Top of The input
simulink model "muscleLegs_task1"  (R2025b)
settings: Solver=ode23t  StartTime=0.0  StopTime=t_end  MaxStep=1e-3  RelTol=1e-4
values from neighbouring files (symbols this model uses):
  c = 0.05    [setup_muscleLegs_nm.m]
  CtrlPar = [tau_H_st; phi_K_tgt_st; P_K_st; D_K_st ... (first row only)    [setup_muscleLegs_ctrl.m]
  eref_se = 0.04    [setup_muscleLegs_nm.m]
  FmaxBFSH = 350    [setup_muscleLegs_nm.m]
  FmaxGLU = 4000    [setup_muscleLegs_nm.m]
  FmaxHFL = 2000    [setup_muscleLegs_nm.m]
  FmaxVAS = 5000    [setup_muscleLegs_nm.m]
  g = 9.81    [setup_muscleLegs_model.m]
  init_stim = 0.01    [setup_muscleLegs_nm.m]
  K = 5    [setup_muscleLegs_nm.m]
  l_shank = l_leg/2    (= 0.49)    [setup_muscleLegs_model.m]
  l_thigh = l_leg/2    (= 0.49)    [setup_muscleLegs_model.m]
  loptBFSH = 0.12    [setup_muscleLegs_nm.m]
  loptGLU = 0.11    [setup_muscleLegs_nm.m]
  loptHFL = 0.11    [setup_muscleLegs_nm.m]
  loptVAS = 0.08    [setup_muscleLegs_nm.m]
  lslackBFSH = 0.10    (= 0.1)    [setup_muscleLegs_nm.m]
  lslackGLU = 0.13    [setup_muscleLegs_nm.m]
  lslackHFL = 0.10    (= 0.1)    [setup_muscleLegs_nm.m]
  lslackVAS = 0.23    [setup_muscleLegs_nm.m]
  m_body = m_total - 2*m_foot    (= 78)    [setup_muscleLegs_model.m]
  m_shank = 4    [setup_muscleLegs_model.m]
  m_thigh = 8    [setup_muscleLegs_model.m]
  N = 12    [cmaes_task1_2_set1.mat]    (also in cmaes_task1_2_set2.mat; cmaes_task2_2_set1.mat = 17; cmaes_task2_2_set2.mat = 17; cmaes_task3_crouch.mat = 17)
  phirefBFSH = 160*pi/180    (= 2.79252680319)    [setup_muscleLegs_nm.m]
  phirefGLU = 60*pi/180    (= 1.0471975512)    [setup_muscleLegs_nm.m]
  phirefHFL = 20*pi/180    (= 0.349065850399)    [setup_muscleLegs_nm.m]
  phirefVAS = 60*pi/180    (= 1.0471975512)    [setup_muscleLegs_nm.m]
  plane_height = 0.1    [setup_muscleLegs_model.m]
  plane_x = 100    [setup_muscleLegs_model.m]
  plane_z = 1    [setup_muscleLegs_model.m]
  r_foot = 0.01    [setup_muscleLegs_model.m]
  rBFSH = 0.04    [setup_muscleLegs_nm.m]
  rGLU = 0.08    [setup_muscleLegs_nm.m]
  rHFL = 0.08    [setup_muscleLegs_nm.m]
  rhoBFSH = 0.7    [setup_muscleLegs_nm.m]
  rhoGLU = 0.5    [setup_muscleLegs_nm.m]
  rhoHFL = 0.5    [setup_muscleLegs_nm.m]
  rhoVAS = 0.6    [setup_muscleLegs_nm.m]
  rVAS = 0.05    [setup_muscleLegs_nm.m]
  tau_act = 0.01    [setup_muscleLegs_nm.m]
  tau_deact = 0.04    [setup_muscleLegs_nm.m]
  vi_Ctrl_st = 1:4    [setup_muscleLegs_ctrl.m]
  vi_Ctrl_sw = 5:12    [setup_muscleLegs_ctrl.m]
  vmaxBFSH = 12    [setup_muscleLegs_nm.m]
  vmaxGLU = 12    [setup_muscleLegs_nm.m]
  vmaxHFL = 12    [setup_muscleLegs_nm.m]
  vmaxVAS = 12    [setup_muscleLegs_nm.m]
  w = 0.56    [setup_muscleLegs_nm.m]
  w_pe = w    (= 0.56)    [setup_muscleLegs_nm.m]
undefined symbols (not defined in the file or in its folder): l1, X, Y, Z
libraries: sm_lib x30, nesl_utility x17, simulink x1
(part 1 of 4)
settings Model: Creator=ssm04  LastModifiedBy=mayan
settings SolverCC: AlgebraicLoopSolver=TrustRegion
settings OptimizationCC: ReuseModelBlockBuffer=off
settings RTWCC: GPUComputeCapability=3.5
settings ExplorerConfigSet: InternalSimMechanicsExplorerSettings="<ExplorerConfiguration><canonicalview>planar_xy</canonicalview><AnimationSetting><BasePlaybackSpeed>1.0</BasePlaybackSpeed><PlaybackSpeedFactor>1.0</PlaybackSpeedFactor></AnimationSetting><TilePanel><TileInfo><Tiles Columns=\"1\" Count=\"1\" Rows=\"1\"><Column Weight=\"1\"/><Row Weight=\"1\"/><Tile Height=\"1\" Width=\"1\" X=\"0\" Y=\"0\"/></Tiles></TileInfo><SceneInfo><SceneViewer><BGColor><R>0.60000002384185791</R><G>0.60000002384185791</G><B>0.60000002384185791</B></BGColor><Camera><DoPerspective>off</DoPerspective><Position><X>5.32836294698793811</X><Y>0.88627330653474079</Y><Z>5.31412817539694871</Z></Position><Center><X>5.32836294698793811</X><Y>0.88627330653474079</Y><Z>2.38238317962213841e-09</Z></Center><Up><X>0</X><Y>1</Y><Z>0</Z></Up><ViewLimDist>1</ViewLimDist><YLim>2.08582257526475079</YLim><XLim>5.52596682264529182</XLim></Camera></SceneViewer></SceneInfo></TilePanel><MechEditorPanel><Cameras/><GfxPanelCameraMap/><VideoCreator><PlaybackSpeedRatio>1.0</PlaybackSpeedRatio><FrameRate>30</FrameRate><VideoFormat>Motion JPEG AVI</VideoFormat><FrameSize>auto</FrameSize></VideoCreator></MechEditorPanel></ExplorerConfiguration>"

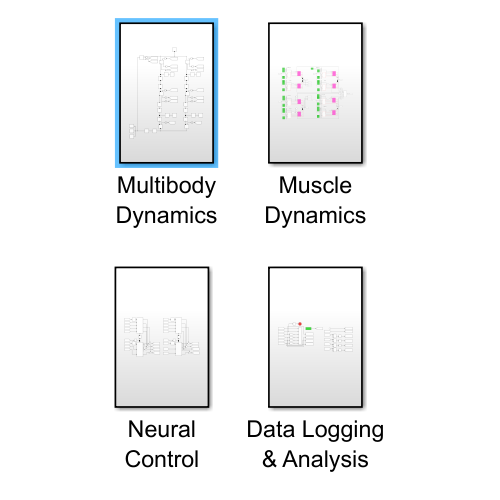
[thumbnail: Simulink's stored preview of the top-level diagram]
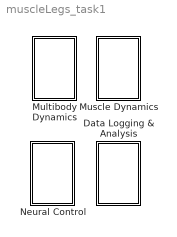
== system muscleLegs_task1 ==
  Data Logging & Analysis : Subsystem
  Multibody Dynamics : Subsystem
  Muscle Dynamics : Subsystem
  Neural Control : Subsystem

== system muscleLegs_task1/Data Logging & Analysis ==
  Clock : Clock
  Compare To Constant : simulink/Logic and Bit Operations/Compare To Constant  relop=<=  const=0.5  OutDataTypeStr=boolean
  Constant3 : Constant  Value=CtrlPar
  Divide{1..4} (4 alike) : Product
  Gain{,1..3} (4 alike) : Gain  Gain=180/pi
  Integrator{,1..3} (4 alike) : Integrator
  Scope1 : Scope  NumInputPorts=6
      settings: ActiveDisplayYMinimum=0.94241  ActiveDisplayYMaximum=1.51828
  Stop Simulation : Stop
  To Workspace : ToWorkspace  VariableName=t_end_sim  SaveFormat=Timeseries  SampleTime=-1
      settings: MaxDataPoints=1
  To Workspace1 : ToWorkspace  VariableName=x_end  SaveFormat=Timeseries  SampleTime=-1
      settings: MaxDataPoints=1
  To Workspace2 : ToWorkspace  VariableName=int_tau_H_L_2  SaveFormat=Timeseries  SampleTime=-1
      settings: MaxDataPoints=1
  To Workspace3 : ToWorkspace  VariableName=int_tau_K_L_2  SaveFormat=Timeseries  SampleTime=-1
      settings: MaxDataPoints=1
  To Workspace4 : ToWorkspace  VariableName=int_tau_H_R_2  SaveFormat=Timeseries  SampleTime=-1
      settings: MaxDataPoints=1
  To Workspace5 : ToWorkspace  VariableName=int_tau_K_R_2  SaveFormat=Timeseries  SampleTime=-1
      settings: MaxDataPoints=1
  To Workspace6 : ToWorkspace  VariableName=log_phi_H_L  SaveFormat=Timeseries  SampleTime=-1
  To Workspace7 : ToWorkspace  VariableName=log_phi_H_R  SaveFormat=Timeseries  SampleTime=-1
  To Workspace8 : ToWorkspace  VariableName=log_phi_K_L  SaveFormat=Timeseries  SampleTime=-1
  To Workspace9 : ToWorkspace  VariableName=log_phi_K_R  SaveFormat=Timeseries  SampleTime=-1
  tag scope: CtrlPar=global
  wires:
  Gain3/1 -> Scope1/6  "k_R"
  [body_y] -> Compare To Constant/1, Scope1/2
  [phi_K_L] -> To Workspace8/1, Gain1/1
  [tau_K_R] -> Divide3/2, Divide3/1
  Compare To Constant/1 -> Stop Simulation/1
  [phi_H_L] -> To Workspace6/1, Gain/1
  Integrator1/1 -> To Workspace3/1
  [phi_K_R] -> To Workspace9/1, Gain3/1
  [body_x] -> Scope1/1
  [tau_H_L] -> Divide2/2, Divide2/1
  Gain2/1 -> Scope1/5  "h_R"
  Gain/1 -> Scope1/3  "h_L"
  [phi_H_R] -> To Workspace7/1, Gain2/1
  [body_x] -> To Workspace1/1
  Clock/1 -> To Workspace/1
  Constant3/1 -> [CtrlPar]
  [tau_K_L] -> Divide1/2, Divide1/1
  Divide2/1 -> Integrator/1
  [tau_H_R] -> Divide4/2, Divide4/1
  Divide1/1 -> Integrator1/1
  Integrator3/1 -> To Workspace5/1
  Integrator2/1 -> To Workspace4/1
  Gain1/1 -> Scope1/4  "k_L"
  Divide4/1 -> Integrator2/1
  Integrator/1 -> To Workspace2/1
  Divide3/1 -> Integrator3/1

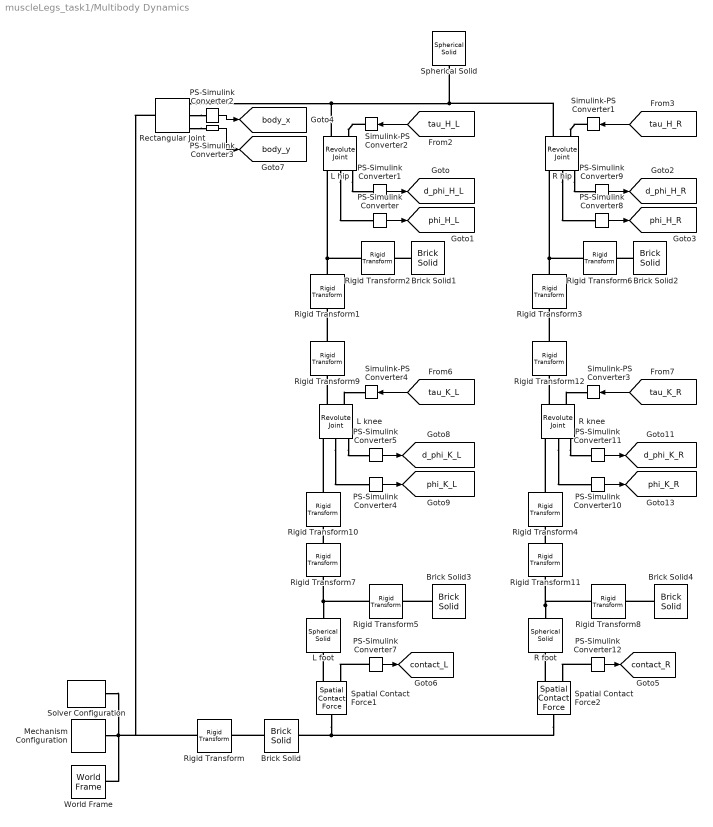
== system muscleLegs_task1/Multibody Dynamics ==
  Brick Solid : sm_lib/Body Elements/Brick Solid  BrickDimensions=[plane_x plane_height plane_z]  BrickDimensionsUnits=m  ExportEntireGeometry=on  InertiaType=CalculateFromGeometry  BasedOnType=Density  Density=1000  DensityUnits=kg/m^3  Mass=1  MassUnits=kg  CenterOfMass=[0 0 0]  CenterOfMassUnits=m  MomentsOfInertia=[1 1 1]  MomentsOfInertiaUnits=kg*m^2  ProductsOfInertia=[0 0 0]  ProductsOfInertiaUnits=kg*m^2  GraphicType=FromGeometry  MarkerShape=Sphere  MarkerSize=10  GraphicVisPropType=SimpleVisualProperties  GraphicDiffuseColor=[0.5 0.5 0.5]  GraphicOpacity=1.0  GraphicSpecularColor=[0.5 0.5 0.5 1.0]  GraphicAmbientColor=[0.15 0.15 0.15 1.0]  GraphicEmissiveColor=[0.0 0.0 0.0 1.0]  GraphicShininess=75  DoExposeReferenceFrame=on  SerializedFrames=<Frames/>
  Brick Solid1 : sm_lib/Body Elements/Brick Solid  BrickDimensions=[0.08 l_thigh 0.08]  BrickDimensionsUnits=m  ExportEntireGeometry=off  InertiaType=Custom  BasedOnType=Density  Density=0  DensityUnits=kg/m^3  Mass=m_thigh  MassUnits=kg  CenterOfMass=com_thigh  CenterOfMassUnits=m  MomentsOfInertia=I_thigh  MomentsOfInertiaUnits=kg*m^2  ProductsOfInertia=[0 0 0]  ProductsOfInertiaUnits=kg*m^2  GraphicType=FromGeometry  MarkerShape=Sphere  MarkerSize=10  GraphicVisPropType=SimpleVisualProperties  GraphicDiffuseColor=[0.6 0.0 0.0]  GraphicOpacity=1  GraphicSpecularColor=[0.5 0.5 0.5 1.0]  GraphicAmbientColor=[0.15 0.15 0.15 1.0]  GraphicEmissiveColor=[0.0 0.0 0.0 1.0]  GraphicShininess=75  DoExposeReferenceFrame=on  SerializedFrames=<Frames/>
Bottom of The input
◆ Instructions to follow ◆
Please output the lines of the listing above that fall in the stretch from the one with "phirefGLU = 60*pi/180" through the one with "rVAS = 0.05", exactly and only those.

◆ Solution below ◆
  phirefGLU = 60*pi/180    (= 1.0471975512)    [setup_muscleLegs_nm.m]
  phirefHFL = 20*pi/180    (= 0.349065850399)    [setup_muscleLegs_nm.m]
  phirefVAS = 60*pi/180    (= 1.0471975512)    [setup_muscleLegs_nm.m]
  plane_height = 0.1    [setup_muscleLegs_model.m]
  plane_x = 100    [setup_muscleLegs_model.m]
  plane_z = 1    [setup_muscleLegs_model.m]
  r_foot = 0.01    [setup_muscleLegs_model.m]
  rBFSH = 0.04    [setup_muscleLegs_nm.m]
  rGLU = 0.08    [setup_muscleLegs_nm.m]
  rHFL = 0.08    [setup_muscleLegs_nm.m]
  rhoBFSH = 0.7    [setup_muscleLegs_nm.m]
  rhoGLU = 0.5    [setup_muscleLegs_nm.m]
  rhoHFL = 0.5    [setup_muscleLegs_nm.m]
  rhoVAS = 0.6    [setup_muscleLegs_nm.m]
  rVAS = 0.05    [setup_muscleLegs_nm.m]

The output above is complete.